Observó con satisfacción cómo el fuego en los ojos de Dante comenzaba a extinguirse, las llamas de su ira cediendo ante la lógica de sus palabras. Sin embargo, su momento de alivio fue efímero. En el siguiente instante, se encontró con la expresión maliciosa que iluminaba el rostro de Lydia como un relámpago antes de la tormenta.
“Aunque esta casa,” sus palabras flotaron en el aire como dulce veneno, “esta sí está a mi alcance. Sería una lástima si de repente se incendia, ¿no crees?”
La amenaza velada reavivó la furia en los ojos de Dante, sus facciones contorsionándose en una máscara de rabia contenida. El ceño fruncido y la oscuridad en su mirada presagiaban una tormenta inminente.
Finalmente, Dante cerró los ojos, permitiendo que una sombra de agotamiento atravesara su rostro habitualmente impecable. Sus dedos masajearon el puente de su nariz en un gesto que revelaba una fatiga más profunda que la física.
“Lydia, ¿qué es lo que realmente quieres?” La pregunta surgió como un suspiro exasperado.
La confusión era evidente en su rostro mientras intentaba procesar la transformación radical en el comportamiento de Lydia. Sus pensamientos eran transparentes en su expresión: apenas ayer le había propuesto matrimonio, y ella había resplandecido de felicidad, sus sonrisas iluminando la habitación del hospital. ¿Cómo podía haberse convertido en esta criatura espinosa y vengativa de la noche a la mañana?

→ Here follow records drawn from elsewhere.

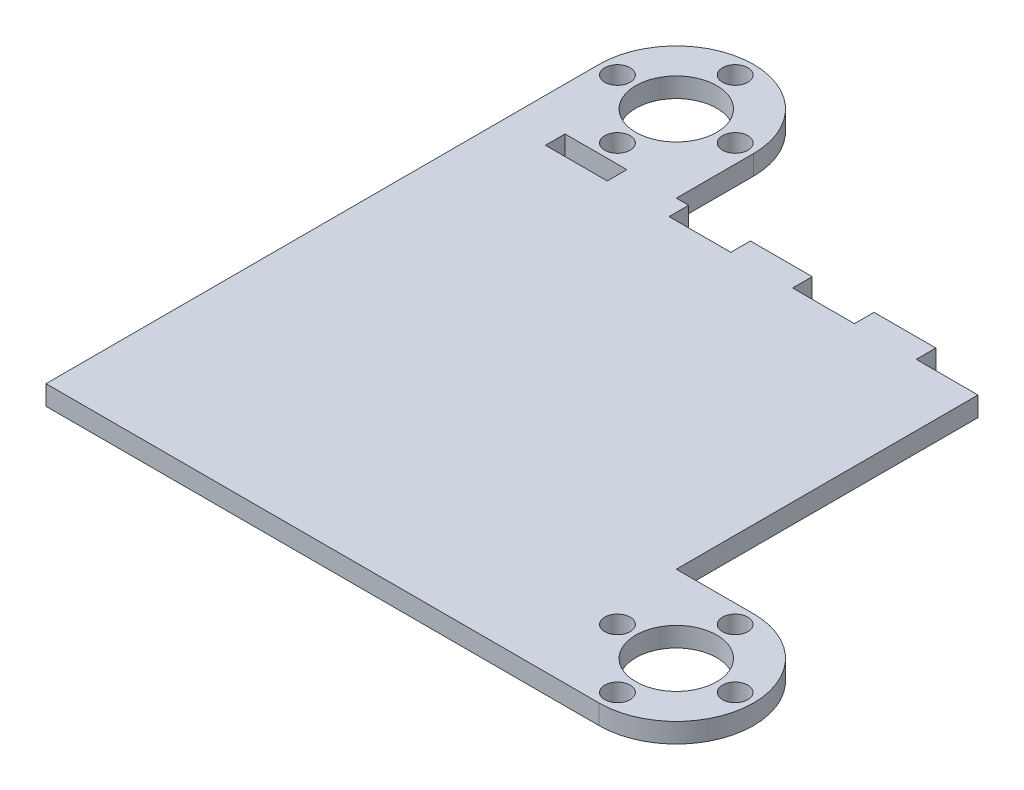
ISO-10303-21;
HEADER;
FILE_DESCRIPTION(('STEP AP214'),'2;1');
FILE_NAME('part.step','',(''),(''),'','','');
FILE_SCHEMA(('AUTOMOTIVE_DESIGN { 1 0 10303 214 1 1 1 1 }'));
ENDSEC;
DATA;
#1=APPLICATION_CONTEXT('core data for automotive mechanical design processes');
#2=APPLICATION_PROTOCOL_DEFINITION('international standard','automotive_design',2000,#1);
#3=PRODUCT_CONTEXT('',#1,'mechanical');
#4=PRODUCT('Part','Part','',(#3));
#5=PRODUCT_RELATED_PRODUCT_CATEGORY('part','',(#4));
#6=PRODUCT_DEFINITION_FORMATION('','',#4);
#7=PRODUCT_DEFINITION_CONTEXT('part definition',#1,'design');
#8=PRODUCT_DEFINITION('design','',#6,#7);
#9=PRODUCT_DEFINITION_SHAPE('','',#8);
#10=(LENGTH_UNIT() NAMED_UNIT(*) SI_UNIT(.MILLI.,.METRE.));
#11=(NAMED_UNIT(*) PLANE_ANGLE_UNIT() SI_UNIT($,.RADIAN.));
#12=(NAMED_UNIT(*) SI_UNIT($,.STERADIAN.) SOLID_ANGLE_UNIT());
#13=UNCERTAINTY_MEASURE_WITH_UNIT(LENGTH_MEASURE(1.E-05),#10,'distance_accuracy_value','');
#14=(GEOMETRIC_REPRESENTATION_CONTEXT(3) GLOBAL_UNCERTAINTY_ASSIGNED_CONTEXT((#13)) GLOBAL_UNIT_ASSIGNED_CONTEXT((#10,
#11,#12)) REPRESENTATION_CONTEXT('',''));
#15=CARTESIAN_POINT('',(0.,0.,0.));
#16=DIRECTION('',(0.,0.,1.));
#17=DIRECTION('',(1.,0.,0.));
#18=AXIS2_PLACEMENT_3D('',#15,#16,#17);
#19=CARTESIAN_POINT('',(0.,3.175,-38.5));
#20=DIRECTION('',(0.,0.,-1.));
#21=DIRECTION('',(-1.,0.,0.));
#22=AXIS2_PLACEMENT_3D('',#19,#20,#21);
#23=PLANE('',#22);
#24=DIRECTION('',(0.,1.,0.));
#25=VECTOR('',#24,1.);
#26=CARTESIAN_POINT('',(28.5,0.,-38.5));
#27=LINE('',#26,#25);
#28=CARTESIAN_POINT('',(28.5,0.,-38.5));
#29=VERTEX_POINT('',#28);
#30=CARTESIAN_POINT('',(28.5,3.175,-38.5));
#31=VERTEX_POINT('',#30);
#32=EDGE_CURVE('E193',#29,#31,#27,.T.);
#33=ORIENTED_EDGE('',*,*,#32,.F.);
#34=DIRECTION('',(1.,0.,0.));
#35=VECTOR('',#34,1.);
#36=CARTESIAN_POINT('',(0.,0.,-38.5));
#37=LINE('',#36,#35);
#38=CARTESIAN_POINT('',(18.5,0.,-38.4999999999999));
#39=VERTEX_POINT('',#38);
#40=EDGE_CURVE('E205',#39,#29,#37,.T.);
#41=ORIENTED_EDGE('',*,*,#40,.F.);
#42=DIRECTION('',(0.,1.,0.));
#43=VECTOR('',#42,1.);
#44=CARTESIAN_POINT('',(18.5,0.,-38.4999999999999));
#45=LINE('',#44,#43);
#46=CARTESIAN_POINT('',(18.5,3.175,-38.4999999999999));
#47=VERTEX_POINT('',#46);
#48=EDGE_CURVE('E553',#39,#47,#45,.T.);
#49=ORIENTED_EDGE('',*,*,#48,.T.);
#50=DIRECTION('',(1.,0.,0.));
#51=VECTOR('',#50,1.);
#52=CARTESIAN_POINT('',(0.,3.175,-38.5));
#53=LINE('',#52,#51);
#54=EDGE_CURVE('E207',#47,#31,#53,.T.);
#55=ORIENTED_EDGE('',*,*,#54,.T.);
#56=EDGE_LOOP('',(#33,#41,#49,#55));
#57=FACE_BOUND('',#56,.T.);
#58=ADVANCED_FACE('F41',(#57),#23,.T.);
#59=DIRECTION('',(0.,1.,0.));
#60=VECTOR('',#59,1.);
#61=CARTESIAN_POINT('',(8.49999999999999,0.,-38.4999999999999));
#62=LINE('',#61,#60);
#63=CARTESIAN_POINT('',(8.49999999999999,0.,-38.4999999999999));
#64=VERTEX_POINT('',#63);
#65=CARTESIAN_POINT('',(8.49999999999999,3.175,-38.4999999999999));
#66=VERTEX_POINT('',#65);
#67=EDGE_CURVE('E550',#64,#66,#62,.T.);
#68=ORIENTED_EDGE('',*,*,#67,.F.);
#69=CARTESIAN_POINT('',(-1.50000000000001,0.,-38.4999999999997));
#70=VERTEX_POINT('',#69);
#71=EDGE_CURVE('E217',#70,#64,#37,.T.);
#72=ORIENTED_EDGE('',*,*,#71,.F.);
#73=DIRECTION('',(0.,1.,0.));
#74=VECTOR('',#73,1.);
#75=CARTESIAN_POINT('',(-1.50000000000001,0.,-38.4999999999997));
#76=LINE('',#75,#74);
#77=CARTESIAN_POINT('',(-1.50000000000001,3.175,-38.4999999999997));
#78=VERTEX_POINT('',#77);
#79=EDGE_CURVE('E447',#70,#78,#76,.T.);
#80=ORIENTED_EDGE('',*,*,#79,.T.);
#81=EDGE_CURVE('E353',#78,#66,#53,.T.);
#82=ORIENTED_EDGE('',*,*,#81,.T.);
#83=EDGE_LOOP('',(#68,#72,#80,#82));
#84=FACE_BOUND('',#83,.T.);
#85=ADVANCED_FACE('F419',(#84),#23,.T.);
#86=CARTESIAN_POINT('',(-38.5,3.175,0.));
#87=DIRECTION('',(1.,0.,0.));
#88=DIRECTION('',(0.,0.,-1.));
#89=AXIS2_PLACEMENT_3D('',#86,#87,#88);
#90=PLANE('',#89);
#91=DIRECTION('',(0.,0.,1.));
#92=VECTOR('',#91,1.);
#93=CARTESIAN_POINT('',(-38.5,0.,0.));
#94=LINE('',#93,#92);
#95=CARTESIAN_POINT('',(-38.5,0.,-51.));
#96=VERTEX_POINT('',#95);
#97=CARTESIAN_POINT('',(-38.5,0.,38.5));
#98=VERTEX_POINT('',#97);
#99=EDGE_CURVE('E322',#96,#98,#94,.T.);
#100=ORIENTED_EDGE('',*,*,#99,.T.);
#101=DIRECTION('',(0.,-1.,0.));
#102=VECTOR('',#101,1.);
#103=CARTESIAN_POINT('',(-38.5,3.175,38.5));
#104=LINE('',#103,#102);
#105=CARTESIAN_POINT('',(-38.5,3.175,38.5));
#106=VERTEX_POINT('',#105);
#107=EDGE_CURVE('E11',#106,#98,#104,.T.);
#108=ORIENTED_EDGE('',*,*,#107,.F.);
#109=DIRECTION('',(0.,0.,1.));
#110=VECTOR('',#109,1.);
#111=CARTESIAN_POINT('',(-38.5,3.175,0.));
#112=LINE('',#111,#110);
#113=CARTESIAN_POINT('',(-38.5,3.175,-51.));
#114=VERTEX_POINT('',#113);
#115=EDGE_CURVE('E280',#114,#106,#112,.T.);
#116=ORIENTED_EDGE('',*,*,#115,.F.);
#117=DIRECTION('',(0.,-1.,0.));
#118=VECTOR('',#117,1.);
#119=CARTESIAN_POINT('',(-38.5,3.175,-51.));
#120=LINE('',#119,#118);
#121=EDGE_CURVE('E281',#114,#96,#120,.T.);
#122=ORIENTED_EDGE('',*,*,#121,.T.);
#123=EDGE_LOOP('',(#100,#108,#116,#122));
#124=FACE_BOUND('',#123,.T.);
#125=ADVANCED_FACE('F43',(#124),#90,.F.);
#126=CARTESIAN_POINT('',(0.,3.175,38.5));
#127=DIRECTION('',(0.,0.,1.));
#128=DIRECTION('',(1.,0.,0.));
#129=AXIS2_PLACEMENT_3D('',#126,#127,#128);
#130=PLANE('',#129);
#131=DIRECTION('',(-1.,0.,0.));
#132=VECTOR('',#131,1.);
#133=CARTESIAN_POINT('',(0.,0.,38.5));
#134=LINE('',#133,#132);
#135=CARTESIAN_POINT('',(51.,0.,38.5));
#136=VERTEX_POINT('',#135);
#137=EDGE_CURVE('E314',#136,#98,#134,.T.);
#138=ORIENTED_EDGE('',*,*,#137,.F.);
#139=DIRECTION('',(0.,-1.,0.));
#140=VECTOR('',#139,1.);
#141=CARTESIAN_POINT('',(51.,3.175,38.5));
#142=LINE('',#141,#140);
#143=CARTESIAN_POINT('',(51.,3.175,38.5));
#144=VERTEX_POINT('',#143);
#145=EDGE_CURVE('E50',#144,#136,#142,.T.);
#146=ORIENTED_EDGE('',*,*,#145,.F.);
#147=DIRECTION('',(-1.,0.,0.));
#148=VECTOR('',#147,1.);
#149=CARTESIAN_POINT('',(0.,3.175,38.5));
#150=LINE('',#149,#148);
#151=EDGE_CURVE('E344',#144,#106,#150,.T.);
#152=ORIENTED_EDGE('',*,*,#151,.T.);
#153=ORIENTED_EDGE('',*,*,#107,.T.);
#154=EDGE_LOOP('',(#138,#146,#152,#153));
#155=FACE_BOUND('',#154,.T.);
#156=ADVANCED_FACE('F318',(#155),#130,.T.);
#157=CARTESIAN_POINT('',(51.,3.175,26.));
#158=DIRECTION('',(0.,-1.,0.));
#159=DIRECTION('',(0.,0.,-1.));
#160=AXIS2_PLACEMENT_3D('',#157,#158,#159);
#161=CYLINDRICAL_SURFACE('',#160,12.5);
#162=CARTESIAN_POINT('',(51.,0.,26.));
#163=DIRECTION('',(0.,1.,0.));
#164=DIRECTION('',(0.,0.,1.));
#165=AXIS2_PLACEMENT_3D('',#162,#163,#164);
#166=CIRCLE('',#165,12.5);
#167=CARTESIAN_POINT('',(51.,0.,13.5));
#168=VERTEX_POINT('',#167);
#169=EDGE_CURVE('E305',#136,#168,#166,.T.);
#170=ORIENTED_EDGE('',*,*,#169,.T.);
#171=DIRECTION('',(0.,-1.,0.));
#172=VECTOR('',#171,1.);
#173=CARTESIAN_POINT('',(51.,3.175,13.5));
#174=LINE('',#173,#172);
#175=CARTESIAN_POINT('',(51.,3.175,13.5));
#176=VERTEX_POINT('',#175);
#177=EDGE_CURVE('E296',#176,#168,#174,.T.);
#178=ORIENTED_EDGE('',*,*,#177,.F.);
#179=CARTESIAN_POINT('',(51.,3.175,26.));
#180=DIRECTION('',(0.,1.,0.));
#181=DIRECTION('',(0.,0.,1.));
#182=AXIS2_PLACEMENT_3D('',#179,#180,#181);
#183=CIRCLE('',#182,12.5);
#184=EDGE_CURVE('E306',#144,#176,#183,.T.);
#185=ORIENTED_EDGE('',*,*,#184,.F.);
#186=ORIENTED_EDGE('',*,*,#145,.T.);
#187=EDGE_LOOP('',(#170,#178,#185,#186));
#188=FACE_BOUND('',#187,.T.);
#189=ADVANCED_FACE('F303',(#188),#161,.T.);
#190=CARTESIAN_POINT('',(0.,3.175,13.5));
#191=DIRECTION('',(0.,0.,1.));
#192=DIRECTION('',(1.,0.,0.));
#193=AXIS2_PLACEMENT_3D('',#190,#191,#192);
#194=PLANE('',#193);
#195=DIRECTION('',(-1.,0.,0.));
#196=VECTOR('',#195,1.);
#197=CARTESIAN_POINT('',(0.,0.,13.5));
#198=LINE('',#197,#196);
#199=CARTESIAN_POINT('',(38.5,0.,13.5));
#200=VERTEX_POINT('',#199);
#201=EDGE_CURVE('E224',#168,#200,#198,.T.);
#202=ORIENTED_EDGE('',*,*,#201,.T.);
#203=DIRECTION('',(0.,-1.,0.));
#204=VECTOR('',#203,1.);
#205=CARTESIAN_POINT('',(38.5,3.175,13.5));
#206=LINE('',#205,#204);
#207=CARTESIAN_POINT('',(38.5,3.175,13.5));
#208=VERTEX_POINT('',#207);
#209=EDGE_CURVE('E292',#208,#200,#206,.T.);
#210=ORIENTED_EDGE('',*,*,#209,.F.);
#211=DIRECTION('',(-1.,0.,0.));
#212=VECTOR('',#211,1.);
#213=CARTESIAN_POINT('',(0.,3.175,13.5));
#214=LINE('',#213,#212);
#215=EDGE_CURVE('E335',#176,#208,#214,.T.);
#216=ORIENTED_EDGE('',*,*,#215,.F.);
#217=ORIENTED_EDGE('',*,*,#177,.T.);
#218=EDGE_LOOP('',(#202,#210,#216,#217));
#219=FACE_BOUND('',#218,.T.);
#220=ADVANCED_FACE('F332',(#219),#194,.F.);
#221=CARTESIAN_POINT('',(38.5,3.175,0.));
#222=DIRECTION('',(1.,0.,0.));
#223=DIRECTION('',(0.,0.,-1.));
#224=AXIS2_PLACEMENT_3D('',#221,#222,#223);
#225=PLANE('',#224);
#226=DIRECTION('',(0.,1.,0.));
#227=VECTOR('',#226,1.);
#228=CARTESIAN_POINT('',(38.5,0.,-35.325));
#229=LINE('',#228,#227);
#230=CARTESIAN_POINT('',(38.5,0.,-35.325));
#231=VERTEX_POINT('',#230);
#232=CARTESIAN_POINT('',(38.5,3.175,-35.325));
#233=VERTEX_POINT('',#232);
#234=EDGE_CURVE('E325',#231,#233,#229,.T.);
#235=ORIENTED_EDGE('',*,*,#234,.T.);
#236=DIRECTION('',(0.,0.,1.));
#237=VECTOR('',#236,1.);
#238=CARTESIAN_POINT('',(38.5,3.175,0.));
#239=LINE('',#238,#237);
#240=EDGE_CURVE('E339',#233,#208,#239,.T.);
#241=ORIENTED_EDGE('',*,*,#240,.T.);
#242=ORIENTED_EDGE('',*,*,#209,.T.);
#243=DIRECTION('',(0.,0.,1.));
#244=VECTOR('',#243,1.);
#245=CARTESIAN_POINT('',(38.5,0.,0.));
#246=LINE('',#245,#244);
#247=EDGE_CURVE('E218',#231,#200,#246,.T.);
#248=ORIENTED_EDGE('',*,*,#247,.F.);
#249=EDGE_LOOP('',(#235,#241,#242,#248));
#250=FACE_BOUND('',#249,.T.);
#251=ADVANCED_FACE('F430',(#250),#225,.T.);
#252=DIRECTION('',(0.,1.,0.));
#253=VECTOR('',#252,1.);
#254=CARTESIAN_POINT('',(-11.5,0.,-38.4999999999997));
#255=LINE('',#254,#253);
#256=CARTESIAN_POINT('',(-11.5,0.,-38.4999999999997));
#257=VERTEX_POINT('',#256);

Ya le había explicado la situación con toda la paciencia que pudo reunir. Era el aniversario luctuoso de Leopoldo; su presencia junto a Inés era una obligación moral, nada más. ¿Por qué insistía en convertir un gesto de piedad en un drama innecesario?
Pero Lydia no esperaba que Dante comprendiera la raíz del problema, ni que modificara sus patrones de comportamiento arraigados. Solo quedaban tres días antes de su partida planificada. Podían transcurrir en paz relativa o… bueno, ella no tendría reparos en ejercer su don del infortunio un poco más.
C
“Dante,” su voz adquirió un tono de acero bajo terciopelo, “nunca se trata de lo que yo quiero, sino de lo que tú quieres. La gente no debe ser tan despreciable. ¡No puedes quererlo todo!” Sus palabras cortaban como cristales rotos. “Así como tú me tratas, yo te trataré. Si piensas que no me importas, pues tú tampoco me importas.”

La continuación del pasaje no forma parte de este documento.